DATA UNDER STUDY below:
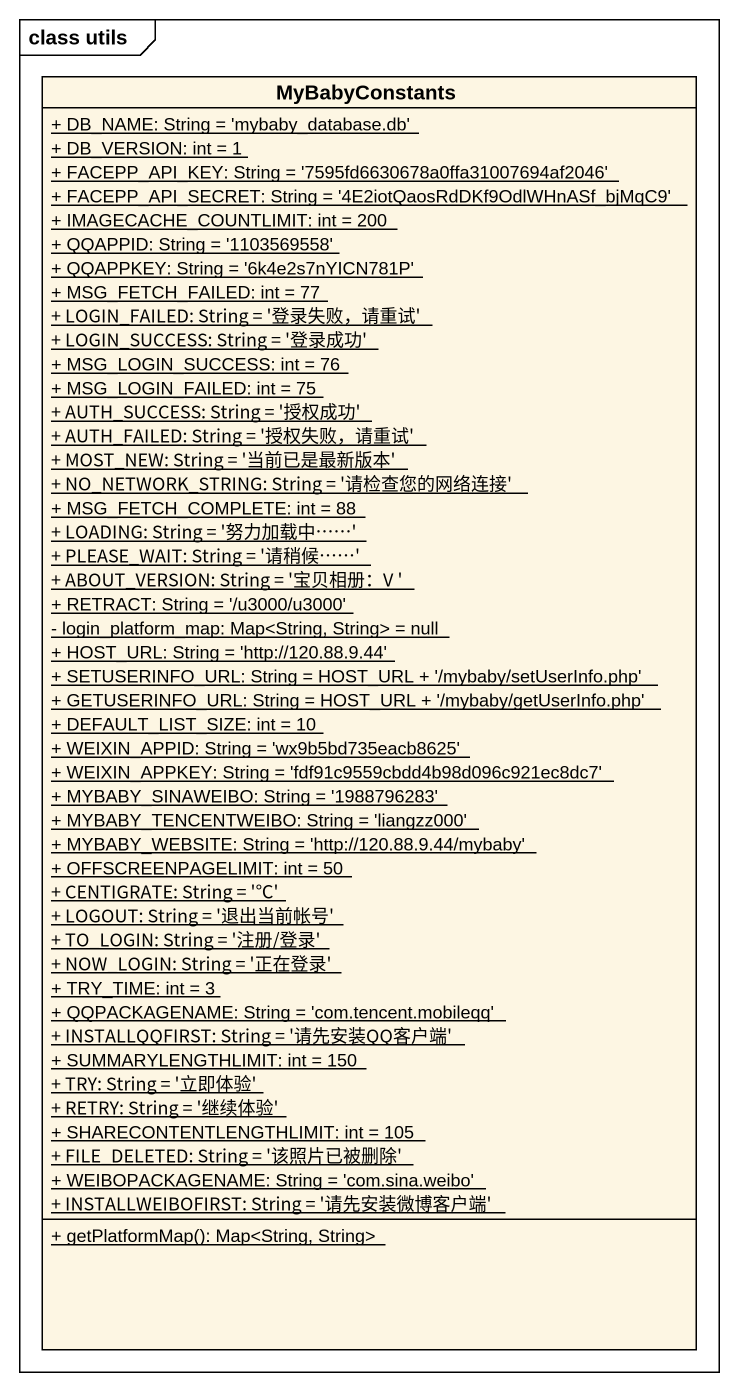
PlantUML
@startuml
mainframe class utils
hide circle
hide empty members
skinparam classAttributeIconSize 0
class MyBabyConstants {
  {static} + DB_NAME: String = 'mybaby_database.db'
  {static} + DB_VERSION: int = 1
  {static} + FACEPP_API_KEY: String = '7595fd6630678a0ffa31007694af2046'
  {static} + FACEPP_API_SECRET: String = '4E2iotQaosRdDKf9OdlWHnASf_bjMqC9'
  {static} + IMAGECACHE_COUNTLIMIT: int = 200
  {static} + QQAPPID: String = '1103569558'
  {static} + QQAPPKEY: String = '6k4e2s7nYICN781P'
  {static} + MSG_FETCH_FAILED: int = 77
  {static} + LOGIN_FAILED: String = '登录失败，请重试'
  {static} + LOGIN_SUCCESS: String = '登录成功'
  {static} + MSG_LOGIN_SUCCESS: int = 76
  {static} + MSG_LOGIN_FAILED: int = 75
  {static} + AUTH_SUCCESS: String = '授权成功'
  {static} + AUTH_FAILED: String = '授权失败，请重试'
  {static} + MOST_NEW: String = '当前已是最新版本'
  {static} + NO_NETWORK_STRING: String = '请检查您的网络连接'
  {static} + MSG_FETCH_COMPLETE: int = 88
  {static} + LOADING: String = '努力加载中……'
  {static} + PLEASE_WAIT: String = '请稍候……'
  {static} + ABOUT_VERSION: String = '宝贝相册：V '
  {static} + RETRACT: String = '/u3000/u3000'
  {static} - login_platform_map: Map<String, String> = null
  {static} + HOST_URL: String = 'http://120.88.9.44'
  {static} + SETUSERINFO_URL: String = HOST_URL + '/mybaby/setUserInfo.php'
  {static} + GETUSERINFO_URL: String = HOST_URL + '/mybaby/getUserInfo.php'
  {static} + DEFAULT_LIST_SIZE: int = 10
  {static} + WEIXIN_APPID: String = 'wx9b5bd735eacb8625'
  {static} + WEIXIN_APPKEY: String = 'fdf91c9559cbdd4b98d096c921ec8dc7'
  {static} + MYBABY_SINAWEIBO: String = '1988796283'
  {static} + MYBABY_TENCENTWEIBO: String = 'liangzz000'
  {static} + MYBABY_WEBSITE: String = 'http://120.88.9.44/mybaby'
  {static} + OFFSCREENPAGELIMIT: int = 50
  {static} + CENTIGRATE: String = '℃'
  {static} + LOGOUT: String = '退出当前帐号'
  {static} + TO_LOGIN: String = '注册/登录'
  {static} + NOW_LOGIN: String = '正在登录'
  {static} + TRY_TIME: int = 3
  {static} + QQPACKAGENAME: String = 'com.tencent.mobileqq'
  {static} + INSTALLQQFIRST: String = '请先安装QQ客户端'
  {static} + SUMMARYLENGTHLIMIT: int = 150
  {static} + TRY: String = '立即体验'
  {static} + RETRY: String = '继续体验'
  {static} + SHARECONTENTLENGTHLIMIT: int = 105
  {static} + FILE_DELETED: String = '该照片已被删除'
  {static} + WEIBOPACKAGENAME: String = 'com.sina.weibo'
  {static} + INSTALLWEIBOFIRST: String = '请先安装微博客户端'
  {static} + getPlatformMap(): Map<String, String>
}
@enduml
End of DATA UNDER STUDY.
### [YOUR OBJECTIVE]
Please repeat, exactly and only, the lines from the one containing "String = '当前已是最新版本'" through the last line of the records, both included.

### [RESULT BELOW]
  {static} + MOST_NEW: String = '当前已是最新版本'
  {static} + NO_NETWORK_STRING: String = '请检查您的网络连接'
  {static} + MSG_FETCH_COMPLETE: int = 88
  {static} + LOADING: String = '努力加载中……'
  {static} + PLEASE_WAIT: String = '请稍候……'
  {static} + ABOUT_VERSION: String = '宝贝相册：V '
  {static} + RETRACT: String = '/u3000/u3000'
  {static} - login_platform_map: Map<String, String> = null
  {static} + HOST_URL: String = 'http://120.88.9.44'
  {static} + SETUSERINFO_URL: String = HOST_URL + '/mybaby/setUserInfo.php'
  {static} + GETUSERINFO_URL: String = HOST_URL + '/mybaby/getUserInfo.php'
  {static} + DEFAULT_LIST_SIZE: int = 10
  {static} + WEIXIN_APPID: String = 'wx9b5bd735eacb8625'
  {static} + WEIXIN_APPKEY: String = 'fdf91c9559cbdd4b98d096c921ec8dc7'
  {static} + MYBABY_SINAWEIBO: String = '1988796283'
  {static} + MYBABY_TENCENTWEIBO: String = 'liangzz000'
  {static} + MYBABY_WEBSITE: String = 'http://120.88.9.44/mybaby'
  {static} + OFFSCREENPAGELIMIT: int = 50
  {static} + CENTIGRATE: String = '℃'
  {static} + LOGOUT: String = '退出当前帐号'
  {static} + TO_LOGIN: String = '注册/登录'
  {static} + NOW_LOGIN: String = '正在登录'
  {static} + TRY_TIME: int = 3
  {static} + QQPACKAGENAME: String = 'com.tencent.mobileqq'
  {static} + INSTALLQQFIRST: String = '请先安装QQ客户端'
  {static} + SUMMARYLENGTHLIMIT: int = 150
  {static} + TRY: String = '立即体验'
  {static} + RETRY: String = '继续体验'
  {static} + SHARECONTENTLENGTHLIMIT: int = 105
  {static} + FILE_DELETED: String = '该照片已被删除'
  {static} + WEIBOPACKAGENAME: String = 'com.sina.weibo'
  {static} + INSTALLWEIBOFIRST: String = '请先安装微博客户端'
  {static} + getPlatformMap(): Map<String, String>
}
@enduml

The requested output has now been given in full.